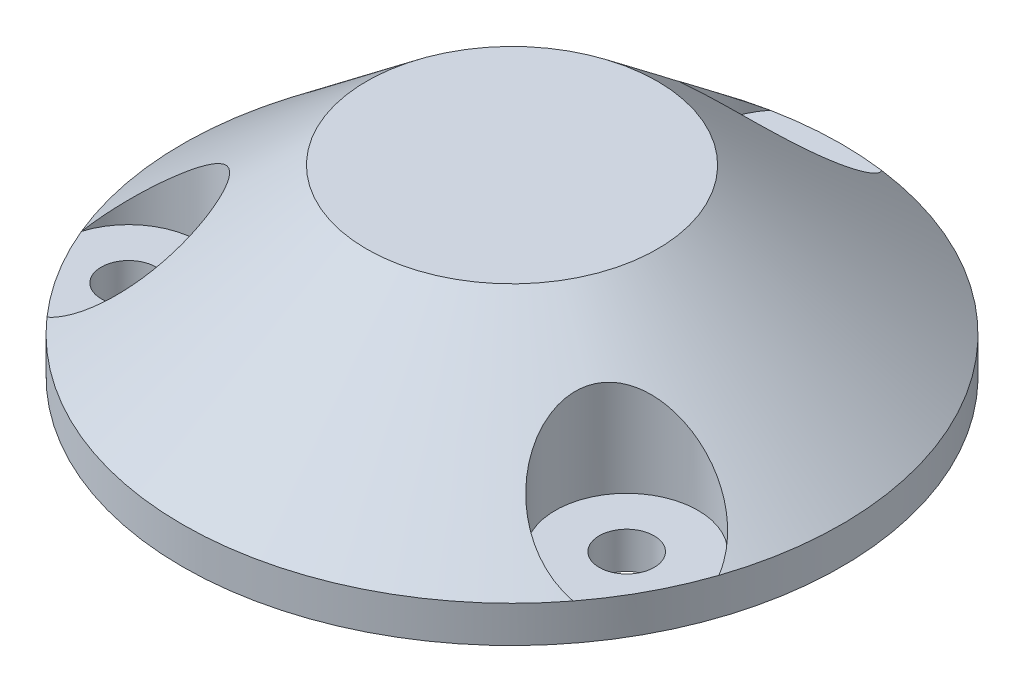
ISO-10303-21;
HEADER;
FILE_DESCRIPTION(('STEP AP214'),'2;1');
FILE_NAME('part.step','',(''),(''),'','','');
FILE_SCHEMA(('AUTOMOTIVE_DESIGN { 1 0 10303 214 1 1 1 1 }'));
ENDSEC;
DATA;
#1=APPLICATION_CONTEXT('core data for automotive mechanical design processes');
#2=APPLICATION_PROTOCOL_DEFINITION('international standard','automotive_design',2000,#1);
#3=PRODUCT_CONTEXT('',#1,'mechanical');
#4=PRODUCT('Part','Part','',(#3));
#5=PRODUCT_RELATED_PRODUCT_CATEGORY('part','',(#4));
#6=PRODUCT_DEFINITION_FORMATION('','',#4);
#7=PRODUCT_DEFINITION_CONTEXT('part definition',#1,'design');
#8=PRODUCT_DEFINITION('design','',#6,#7);
#9=PRODUCT_DEFINITION_SHAPE('','',#8);
#10=(LENGTH_UNIT() NAMED_UNIT(*) SI_UNIT(.MILLI.,.METRE.));
#11=(NAMED_UNIT(*) PLANE_ANGLE_UNIT() SI_UNIT($,.RADIAN.));
#12=(NAMED_UNIT(*) SI_UNIT($,.STERADIAN.) SOLID_ANGLE_UNIT());
#13=UNCERTAINTY_MEASURE_WITH_UNIT(LENGTH_MEASURE(1.E-05),#10,'distance_accuracy_value','');
#14=(GEOMETRIC_REPRESENTATION_CONTEXT(3) GLOBAL_UNCERTAINTY_ASSIGNED_CONTEXT((#13)) GLOBAL_UNIT_ASSIGNED_CONTEXT((#10,
#11,#12)) REPRESENTATION_CONTEXT('',''));
#15=CARTESIAN_POINT('',(0.,0.,0.));
#16=DIRECTION('',(0.,0.,1.));
#17=DIRECTION('',(1.,0.,0.));
#18=AXIS2_PLACEMENT_3D('',#15,#16,#17);
#19=CARTESIAN_POINT('',(-0.514611842093936,11.,-15.1912861421265));
#20=DIRECTION('',(0.,-1.,0.));
#21=DIRECTION('',(0.,0.,-1.));
#22=AXIS2_PLACEMENT_3D('',#19,#20,#21);
#23=CYLINDRICAL_SURFACE('',#22,1.50000000000036);
#24=CARTESIAN_POINT('',(-0.514611842093936,7.,-15.1912861421265));
#25=DIRECTION('',(0.,-1.,0.));
#26=DIRECTION('',(0.,0.,-1.));
#27=AXIS2_PLACEMENT_3D('',#24,#25,#26);
#28=CIRCLE('',#27,1.50000000000036);
#29=CARTESIAN_POINT('',(-0.514611842093936,7.,-16.6912861421269));
#30=VERTEX_POINT('',#29);
#31=EDGE_CURVE('E112',#30,#30,#28,.T.);
#32=ORIENTED_EDGE('',*,*,#31,.T.);
#33=EDGE_LOOP('',(#32));
#34=FACE_BOUND('',#33,.T.);
#35=CARTESIAN_POINT('',(-0.514611842093936,9.,-15.1912861421265));
#36=DIRECTION('',(0.,1.,0.));
#37=DIRECTION('',(0.,0.,1.));
#38=AXIS2_PLACEMENT_3D('',#35,#36,#37);
#39=CIRCLE('',#38,1.50000000000036);
#40=CARTESIAN_POINT('',(-0.514611842093936,9.,-13.6912861421262));
#41=VERTEX_POINT('',#40);
#42=EDGE_CURVE('E113',#41,#41,#39,.F.);
#43=ORIENTED_EDGE('',*,*,#42,.F.);
#44=EDGE_LOOP('',(#43));
#45=FACE_BOUND('',#44,.T.);
#46=ADVANCED_FACE('F33',(#34,#45),#23,.F.);
#47=CARTESIAN_POINT('',(13.4133456362877,11.,7.14997614272195));
#48=DIRECTION('',(0.,-1.,0.));
#49=DIRECTION('',(0.,0.,-1.));
#50=AXIS2_PLACEMENT_3D('',#47,#48,#49);
#51=CYLINDRICAL_SURFACE('',#50,1.50000000000077);
#52=CARTESIAN_POINT('',(13.4133456362877,7.,7.14997614272195));
#53=DIRECTION('',(0.,-1.,0.));
#54=DIRECTION('',(0.,0.,-1.));
#55=AXIS2_PLACEMENT_3D('',#52,#53,#54);
#56=CIRCLE('',#55,1.50000000000077);
#57=CARTESIAN_POINT('',(13.4133456362877,7.,5.64997614272117));
#58=VERTEX_POINT('',#57);
#59=EDGE_CURVE('E116',#58,#58,#56,.T.);
#60=ORIENTED_EDGE('',*,*,#59,.T.);
#61=EDGE_LOOP('',(#60));
#62=FACE_BOUND('',#61,.T.);
#63=CARTESIAN_POINT('',(13.4133456362877,9.,7.14997614272195));
#64=DIRECTION('',(0.,1.,0.));
#65=DIRECTION('',(0.,0.,1.));
#66=AXIS2_PLACEMENT_3D('',#63,#64,#65);
#67=CIRCLE('',#66,1.50000000000077);
#68=CARTESIAN_POINT('',(13.4133456362877,9.,8.64997614272272));
#69=VERTEX_POINT('',#68);
#70=EDGE_CURVE('E78',#69,#69,#67,.F.);
#71=ORIENTED_EDGE('',*,*,#70,.F.);
#72=EDGE_LOOP('',(#71));
#73=FACE_BOUND('',#72,.T.);
#74=ADVANCED_FACE('F139',(#62,#73),#51,.F.);
#75=CARTESIAN_POINT('',(-12.8987337941931,11.,8.04130999940566));
#76=DIRECTION('',(0.,-1.,0.));
#77=DIRECTION('',(0.,0.,-1.));
#78=AXIS2_PLACEMENT_3D('',#75,#76,#77);
#79=CYLINDRICAL_SURFACE('',#78,1.5);
#80=CARTESIAN_POINT('',(-12.8987337941931,7.,8.04130999940566));
#81=DIRECTION('',(0.,-1.,0.));
#82=DIRECTION('',(0.,0.,-1.));
#83=AXIS2_PLACEMENT_3D('',#80,#81,#82);
#84=CIRCLE('',#83,1.5);
#85=CARTESIAN_POINT('',(-12.8987337941931,7.,6.54130999940567));
#86=VERTEX_POINT('',#85);
#87=EDGE_CURVE('E121',#86,#86,#84,.T.);
#88=ORIENTED_EDGE('',*,*,#87,.T.);
#89=EDGE_LOOP('',(#88));
#90=FACE_BOUND('',#89,.T.);
#91=CARTESIAN_POINT('',(-12.8987337941931,9.,8.04130999940566));
#92=DIRECTION('',(0.,1.,0.));
#93=DIRECTION('',(0.,0.,1.));
#94=AXIS2_PLACEMENT_3D('',#91,#92,#93);
#95=CIRCLE('',#94,1.5);
#96=CARTESIAN_POINT('',(-12.8987337941931,9.,9.54130999940566));
#97=VERTEX_POINT('',#96);
#98=EDGE_CURVE('E79',#97,#97,#95,.F.);
#99=ORIENTED_EDGE('',*,*,#98,.F.);
#100=EDGE_LOOP('',(#99));
#101=FACE_BOUND('',#100,.T.);
#102=ADVANCED_FACE('F136',(#90,#101),#79,.F.);
#103=CARTESIAN_POINT('',(0.,9.,0.));
#104=DIRECTION('',(0.,-1.,0.));
#105=DIRECTION('',(0.,0.,-1.));
#106=AXIS2_PLACEMENT_3D('',#103,#104,#105);
#107=CYLINDRICAL_SURFACE('',#106,18.);
#108=CARTESIAN_POINT('',(0.,9.,0.));
#109=DIRECTION('',(0.,1.,0.));
#110=DIRECTION('',(0.,0.,1.));
#111=AXIS2_PLACEMENT_3D('',#108,#109,#110);
#112=CIRCLE('',#111,18.);
#113=CARTESIAN_POINT('',(14.285312354494,9.,10.9512488299071));
#114=VERTEX_POINT('',#113);
#115=CARTESIAN_POINT('',(17.0552623288384,9.,5.75482640003215));
#116=VERTEX_POINT('',#115);
#117=EDGE_CURVE('E96',#114,#116,#112,.T.);
#118=ORIENTED_EDGE('',*,*,#117,.F.);
#119=CARTESIAN_POINT('',(-13.5114570212166,9.,11.8928772449654));
#120=VERTEX_POINT('',#119);
#121=EDGE_CURVE('E93',#120,#114,#112,.T.);
#122=ORIENTED_EDGE('',*,*,#121,.F.);
#123=CARTESIAN_POINT('',(0.,9.,0.));
#124=DIRECTION('',(0.,1.,0.));
#125=DIRECTION('',(0.,0.,1.));
#126=AXIS2_PLACEMENT_3D('',#123,#124,#125);
#127=CIRCLE('',#126,18.);
#128=CARTESIAN_POINT('',(-16.626715867111,9.,6.89581898503428));
#129=VERTEX_POINT('',#128);
#130=EDGE_CURVE('E72',#129,#120,#127,.T.);
#131=ORIENTED_EDGE('',*,*,#130,.F.);
#132=CARTESIAN_POINT('',(-3.54380530761995,9.,-17.6477036449983));
#133=VERTEX_POINT('',#132);
#134=EDGE_CURVE('E95',#133,#129,#112,.T.);
#135=ORIENTED_EDGE('',*,*,#134,.F.);
#136=CARTESIAN_POINT('',(0.,9.,0.));
#137=DIRECTION('',(0.,1.,0.));
#138=DIRECTION('',(0.,0.,1.));
#139=AXIS2_PLACEMENT_3D('',#136,#137,#138);
#140=CIRCLE('',#139,18.);
#141=CARTESIAN_POINT('',(2.34140351261658,9.,-17.8470678149411));
#142=VERTEX_POINT('',#141);
#143=EDGE_CURVE('E111',#142,#133,#140,.T.);
#144=ORIENTED_EDGE('',*,*,#143,.F.);
#145=EDGE_CURVE('E102',#116,#142,#112,.T.);
#146=ORIENTED_EDGE('',*,*,#145,.F.);
#147=EDGE_LOOP('',(#118,#122,#131,#135,#144,#146));
#148=FACE_BOUND('',#147,.T.);
#149=CARTESIAN_POINT('',(0.,7.,0.));
#150=DIRECTION('',(0.,1.,0.));
#151=DIRECTION('',(0.,0.,1.));
#152=AXIS2_PLACEMENT_3D('',#149,#150,#151);
#153=CIRCLE('',#152,18.);
#154=CARTESIAN_POINT('',(0.,7.,18.));
#155=VERTEX_POINT('',#154);
#156=EDGE_CURVE('E100',#155,#155,#153,.T.);
#157=ORIENTED_EDGE('',*,*,#156,.T.);
#158=EDGE_LOOP('',(#157));
#159=FACE_BOUND('',#158,.T.);
#160=ADVANCED_FACE('F35',(#148,#159),#107,.T.);
#161=CARTESIAN_POINT('',(0.,9.,0.));
#162=DIRECTION('',(0.,-1.,0.));
#163=DIRECTION('',(0.,0.,1.));
#164=AXIS2_PLACEMENT_3D('',#161,#162,#163);
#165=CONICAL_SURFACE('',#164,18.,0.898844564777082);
◇ ◇ ◇ ◇
* **Exercise objective**
Copy verbatim, from the listing above, each line from the one containing "#102=ADVANCED_FACE('F136',(#90,#101),#79,.F.);" down to the one containing "#112=CIRCLE('',#111,18.);", inclusive.

* **Written answer**
#102=ADVANCED_FACE('F136',(#90,#101),#79,.F.);
#103=CARTESIAN_POINT('',(0.,9.,0.));
#104=DIRECTION('',(0.,-1.,0.));
#105=DIRECTION('',(0.,0.,-1.));
#106=AXIS2_PLACEMENT_3D('',#103,#104,#105);
#107=CYLINDRICAL_SURFACE('',#106,18.);
#108=CARTESIAN_POINT('',(0.,9.,0.));
#109=DIRECTION('',(0.,1.,0.));
#110=DIRECTION('',(0.,0.,1.));
#111=AXIS2_PLACEMENT_3D('',#108,#109,#110);
#112=CIRCLE('',#111,18.);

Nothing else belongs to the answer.